La prima ipotesi è che la cava di Les Rois fosse abitata da uomini anatomicamente moderni e che quella mandibola appartenesse a un Neandertal appartenente a un’altra comunità, la lavorazione farebbe quindi intendere una consumazione del cadavere o, più probabilmente, un utilizzo rituale e simbolico di ossa e denti. I segni lasciati sulla mandibola sono simili a quelli che rimangono quando si rimuove la lingua di un bovino o di un ungulato nella macellazione, ma l’ipotesi della consumazione a scopo alimentare è difficilmente sostenibile con il solo ritrovamento delle ossa del cranio, utilizzate tipicamente per scopi rituali; inoltre, ritrovamenti dello stesso periodo e nello stesso sito di denti forati fanno pensare che fosse comune un utilizzo ornamentale per gli stessi e le fratture presenti nella mandibola sono in effetti compatibili con un estrazione intenzionale dei denti. Considerata la natura episodica del reperto è difficile immaginare uno scenario di caccia sistematica ai Neandertal da parte dell’uomo anatomicamente moderno, ed è forse è più probabile che il cadavere dal quale proveniva la mandibola sia stato ritrovato fortuitamente e quindi lavorato. L’ipotesi ad ogni modo è messa in forse da alcuni studi citati nell’articolo, che attesterebbero ad almeno 2000 anni prima la presenza delle ultime culture litiche Musteriana e Chatelperroniana (e quindi la presenza dell’uomo di Neandertal) nella regione e sembrerebbero quindi mettere in forte dubbio l’ipotesi che i due gruppi umani abbiano effettivamente convissuto in questo periodo e in questa area geografica.

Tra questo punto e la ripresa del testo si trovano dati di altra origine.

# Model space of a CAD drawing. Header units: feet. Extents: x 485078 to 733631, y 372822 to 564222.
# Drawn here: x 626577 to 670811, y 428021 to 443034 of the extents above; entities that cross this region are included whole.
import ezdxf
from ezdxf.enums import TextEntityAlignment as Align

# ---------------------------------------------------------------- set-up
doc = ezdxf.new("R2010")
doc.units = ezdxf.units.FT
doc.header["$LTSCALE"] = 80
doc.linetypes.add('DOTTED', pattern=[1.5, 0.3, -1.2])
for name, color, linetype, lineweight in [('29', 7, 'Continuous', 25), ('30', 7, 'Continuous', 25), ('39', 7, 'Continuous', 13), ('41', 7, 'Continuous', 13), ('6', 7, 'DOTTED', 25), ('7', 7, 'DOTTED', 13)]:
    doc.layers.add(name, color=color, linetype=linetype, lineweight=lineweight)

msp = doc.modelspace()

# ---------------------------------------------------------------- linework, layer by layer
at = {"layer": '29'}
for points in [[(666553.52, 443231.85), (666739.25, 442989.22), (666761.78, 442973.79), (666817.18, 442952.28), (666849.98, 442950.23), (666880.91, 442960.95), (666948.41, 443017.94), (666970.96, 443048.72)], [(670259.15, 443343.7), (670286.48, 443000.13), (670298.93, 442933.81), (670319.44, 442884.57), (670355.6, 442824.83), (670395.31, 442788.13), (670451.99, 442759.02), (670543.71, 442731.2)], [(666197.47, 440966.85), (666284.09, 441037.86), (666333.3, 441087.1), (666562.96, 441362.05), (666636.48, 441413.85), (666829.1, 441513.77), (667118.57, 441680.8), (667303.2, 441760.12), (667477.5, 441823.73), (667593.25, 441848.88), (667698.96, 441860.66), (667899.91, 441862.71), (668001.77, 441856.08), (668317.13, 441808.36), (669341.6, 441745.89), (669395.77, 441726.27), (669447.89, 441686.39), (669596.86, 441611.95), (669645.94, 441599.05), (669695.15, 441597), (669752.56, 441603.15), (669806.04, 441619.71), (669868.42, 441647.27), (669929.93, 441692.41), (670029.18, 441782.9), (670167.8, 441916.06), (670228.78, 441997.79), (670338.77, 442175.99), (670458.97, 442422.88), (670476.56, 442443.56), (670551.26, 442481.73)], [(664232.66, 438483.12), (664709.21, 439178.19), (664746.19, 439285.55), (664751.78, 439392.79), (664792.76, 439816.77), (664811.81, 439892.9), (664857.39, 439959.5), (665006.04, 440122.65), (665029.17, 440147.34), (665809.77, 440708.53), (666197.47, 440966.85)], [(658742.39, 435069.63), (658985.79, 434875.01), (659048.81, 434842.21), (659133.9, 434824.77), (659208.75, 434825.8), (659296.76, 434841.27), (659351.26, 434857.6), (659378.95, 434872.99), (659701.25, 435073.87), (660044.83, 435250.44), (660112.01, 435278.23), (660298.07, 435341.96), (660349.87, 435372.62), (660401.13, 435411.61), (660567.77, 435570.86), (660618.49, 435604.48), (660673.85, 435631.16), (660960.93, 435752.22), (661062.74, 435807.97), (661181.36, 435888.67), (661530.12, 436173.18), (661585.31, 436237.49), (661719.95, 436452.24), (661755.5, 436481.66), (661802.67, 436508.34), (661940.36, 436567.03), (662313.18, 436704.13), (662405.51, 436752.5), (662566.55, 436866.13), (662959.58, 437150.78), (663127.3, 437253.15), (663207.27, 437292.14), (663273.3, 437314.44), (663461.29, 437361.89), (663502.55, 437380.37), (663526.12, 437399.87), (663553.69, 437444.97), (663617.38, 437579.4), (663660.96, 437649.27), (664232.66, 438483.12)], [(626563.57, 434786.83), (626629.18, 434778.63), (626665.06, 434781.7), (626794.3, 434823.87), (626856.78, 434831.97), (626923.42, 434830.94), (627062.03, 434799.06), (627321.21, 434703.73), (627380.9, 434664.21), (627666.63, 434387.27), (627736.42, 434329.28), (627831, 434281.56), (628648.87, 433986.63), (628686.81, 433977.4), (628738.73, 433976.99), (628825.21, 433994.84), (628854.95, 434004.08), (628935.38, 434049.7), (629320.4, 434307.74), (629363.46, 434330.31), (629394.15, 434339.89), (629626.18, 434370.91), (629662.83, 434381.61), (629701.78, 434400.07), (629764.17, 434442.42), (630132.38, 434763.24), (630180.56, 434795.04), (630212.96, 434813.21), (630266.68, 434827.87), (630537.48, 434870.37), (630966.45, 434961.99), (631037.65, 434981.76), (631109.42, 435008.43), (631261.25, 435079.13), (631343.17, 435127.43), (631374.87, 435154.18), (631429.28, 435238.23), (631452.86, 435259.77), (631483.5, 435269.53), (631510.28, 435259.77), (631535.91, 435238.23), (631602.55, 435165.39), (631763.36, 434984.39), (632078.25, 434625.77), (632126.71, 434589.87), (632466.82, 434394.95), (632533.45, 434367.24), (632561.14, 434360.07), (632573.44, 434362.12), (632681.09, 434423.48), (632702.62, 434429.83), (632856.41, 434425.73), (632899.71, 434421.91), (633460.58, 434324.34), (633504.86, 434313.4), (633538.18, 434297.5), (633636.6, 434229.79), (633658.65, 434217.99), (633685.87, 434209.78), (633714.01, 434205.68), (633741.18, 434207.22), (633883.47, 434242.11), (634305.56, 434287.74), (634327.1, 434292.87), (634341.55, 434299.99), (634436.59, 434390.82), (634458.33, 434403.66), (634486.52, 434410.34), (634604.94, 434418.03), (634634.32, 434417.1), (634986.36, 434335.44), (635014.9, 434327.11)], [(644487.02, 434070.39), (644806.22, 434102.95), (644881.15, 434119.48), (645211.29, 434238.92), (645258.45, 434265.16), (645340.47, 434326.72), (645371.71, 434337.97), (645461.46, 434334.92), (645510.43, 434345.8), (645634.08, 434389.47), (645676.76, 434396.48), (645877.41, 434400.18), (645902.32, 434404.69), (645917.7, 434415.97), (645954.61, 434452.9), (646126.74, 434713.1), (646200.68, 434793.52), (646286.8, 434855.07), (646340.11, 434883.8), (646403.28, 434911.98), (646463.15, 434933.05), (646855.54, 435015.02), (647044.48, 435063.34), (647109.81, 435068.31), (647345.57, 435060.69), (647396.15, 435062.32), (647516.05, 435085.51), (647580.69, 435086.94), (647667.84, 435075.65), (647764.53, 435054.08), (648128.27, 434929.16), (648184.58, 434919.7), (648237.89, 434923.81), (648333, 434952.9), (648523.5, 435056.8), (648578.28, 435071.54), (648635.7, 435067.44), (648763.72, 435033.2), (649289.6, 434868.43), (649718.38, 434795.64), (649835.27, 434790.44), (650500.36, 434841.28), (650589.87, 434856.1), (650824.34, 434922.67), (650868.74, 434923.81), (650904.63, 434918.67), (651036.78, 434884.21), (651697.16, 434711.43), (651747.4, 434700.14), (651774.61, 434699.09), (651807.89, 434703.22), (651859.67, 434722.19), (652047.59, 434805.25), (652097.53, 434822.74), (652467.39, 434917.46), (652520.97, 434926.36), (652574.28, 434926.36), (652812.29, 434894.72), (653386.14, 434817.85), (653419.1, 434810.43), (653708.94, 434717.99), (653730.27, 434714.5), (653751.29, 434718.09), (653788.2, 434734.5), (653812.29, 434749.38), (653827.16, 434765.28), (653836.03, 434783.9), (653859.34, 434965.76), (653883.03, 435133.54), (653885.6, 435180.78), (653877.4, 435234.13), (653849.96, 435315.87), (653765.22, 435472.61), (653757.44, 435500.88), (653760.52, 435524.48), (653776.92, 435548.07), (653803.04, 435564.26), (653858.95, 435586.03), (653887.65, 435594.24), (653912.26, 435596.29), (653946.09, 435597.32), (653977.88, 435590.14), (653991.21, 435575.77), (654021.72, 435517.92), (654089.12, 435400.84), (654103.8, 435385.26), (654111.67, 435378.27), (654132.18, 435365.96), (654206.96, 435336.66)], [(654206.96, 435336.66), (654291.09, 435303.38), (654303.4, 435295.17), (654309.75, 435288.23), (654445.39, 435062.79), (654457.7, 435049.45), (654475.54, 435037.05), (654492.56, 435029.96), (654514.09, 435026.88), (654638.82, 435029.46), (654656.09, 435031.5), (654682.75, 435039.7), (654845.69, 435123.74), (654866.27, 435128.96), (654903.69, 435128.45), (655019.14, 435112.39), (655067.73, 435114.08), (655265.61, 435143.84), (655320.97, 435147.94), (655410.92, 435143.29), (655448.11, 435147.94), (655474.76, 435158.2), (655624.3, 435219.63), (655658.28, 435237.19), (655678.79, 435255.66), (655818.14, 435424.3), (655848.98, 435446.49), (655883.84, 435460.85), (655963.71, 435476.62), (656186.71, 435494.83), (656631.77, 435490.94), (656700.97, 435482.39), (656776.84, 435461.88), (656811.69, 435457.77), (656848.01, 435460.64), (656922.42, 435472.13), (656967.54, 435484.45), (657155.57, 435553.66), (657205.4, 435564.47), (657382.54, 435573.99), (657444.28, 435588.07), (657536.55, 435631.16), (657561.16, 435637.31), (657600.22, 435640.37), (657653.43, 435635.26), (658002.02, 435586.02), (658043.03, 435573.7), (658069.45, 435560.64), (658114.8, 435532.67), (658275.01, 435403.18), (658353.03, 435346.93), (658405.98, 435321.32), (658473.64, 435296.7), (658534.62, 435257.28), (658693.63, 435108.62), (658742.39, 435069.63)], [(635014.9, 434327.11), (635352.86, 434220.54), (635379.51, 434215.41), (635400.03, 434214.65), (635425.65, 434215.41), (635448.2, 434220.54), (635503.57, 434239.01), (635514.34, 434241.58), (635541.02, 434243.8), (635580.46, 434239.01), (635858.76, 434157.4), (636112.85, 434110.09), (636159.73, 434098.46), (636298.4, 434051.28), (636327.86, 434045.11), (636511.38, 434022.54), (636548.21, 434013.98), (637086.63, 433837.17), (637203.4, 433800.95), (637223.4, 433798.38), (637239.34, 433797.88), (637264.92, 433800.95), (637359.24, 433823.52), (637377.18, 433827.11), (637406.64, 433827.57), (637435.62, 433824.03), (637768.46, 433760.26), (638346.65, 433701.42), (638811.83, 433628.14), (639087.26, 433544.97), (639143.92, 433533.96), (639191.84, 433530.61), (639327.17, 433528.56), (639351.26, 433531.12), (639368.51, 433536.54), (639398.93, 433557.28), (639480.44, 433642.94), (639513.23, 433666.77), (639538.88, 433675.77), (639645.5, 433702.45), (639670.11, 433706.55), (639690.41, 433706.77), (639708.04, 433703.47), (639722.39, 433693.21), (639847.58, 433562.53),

La seconda ipotesi, sicuramente destinata a suscitare maggiori controversie, è che a Les Rois vivesse una popolazione sapiens che aveva ricevuto in passato un qualche contributo genetico da parte di gruppi Neandertal. Questa mandibola non sarebbe il primo reperto considerato ibrido dagli scopritori mai ritrovato, basti ricordare i resti di Lagar Veho e di Oase, ma sicuramente il più antico e pertanto la prima traccia di contatto biologico tra i due gruppi. È bene ricordare che recenti studi sul DNA mitocondriale e nucleare dei Neandertal escludono decisamente che questa specie abbia lasciato qualche contributo nel nostro genoma odierno, ma non è impossibile che un basso livello di incrocio possa aver lasciato un modesto contributo poi spazzato via da qualche collo di bottiglia evolutivo. I dati molecolari non supportano perciò questa ipotesi, ma non la escludono del tutto.

La terza e ultima ipotesi potrebbe apparire come la più parsimoniosa, ma di fatto è quasi sicuramente la meno probabile. Secondo questa interpretazione i caratteri interpretabili come ibridi sarebbero in realtà plesiomorfici, ovvero mantenuti dalle forme più arcaiche di sapiens. Un’implicazione di questa versione sarebbe però che tra i vari gruppi di sapiens presenti in Europa all’epoca esistesse una variabilità molto maggiore di quella che si è sempre pensata, ma se la spiegazione regge per quanto riguarda le caratteristiche dei denti sembra fallire se si considerano alcuni aspetti legati al loro sviluppo, che rendono poco probabile questa terza spiegazione.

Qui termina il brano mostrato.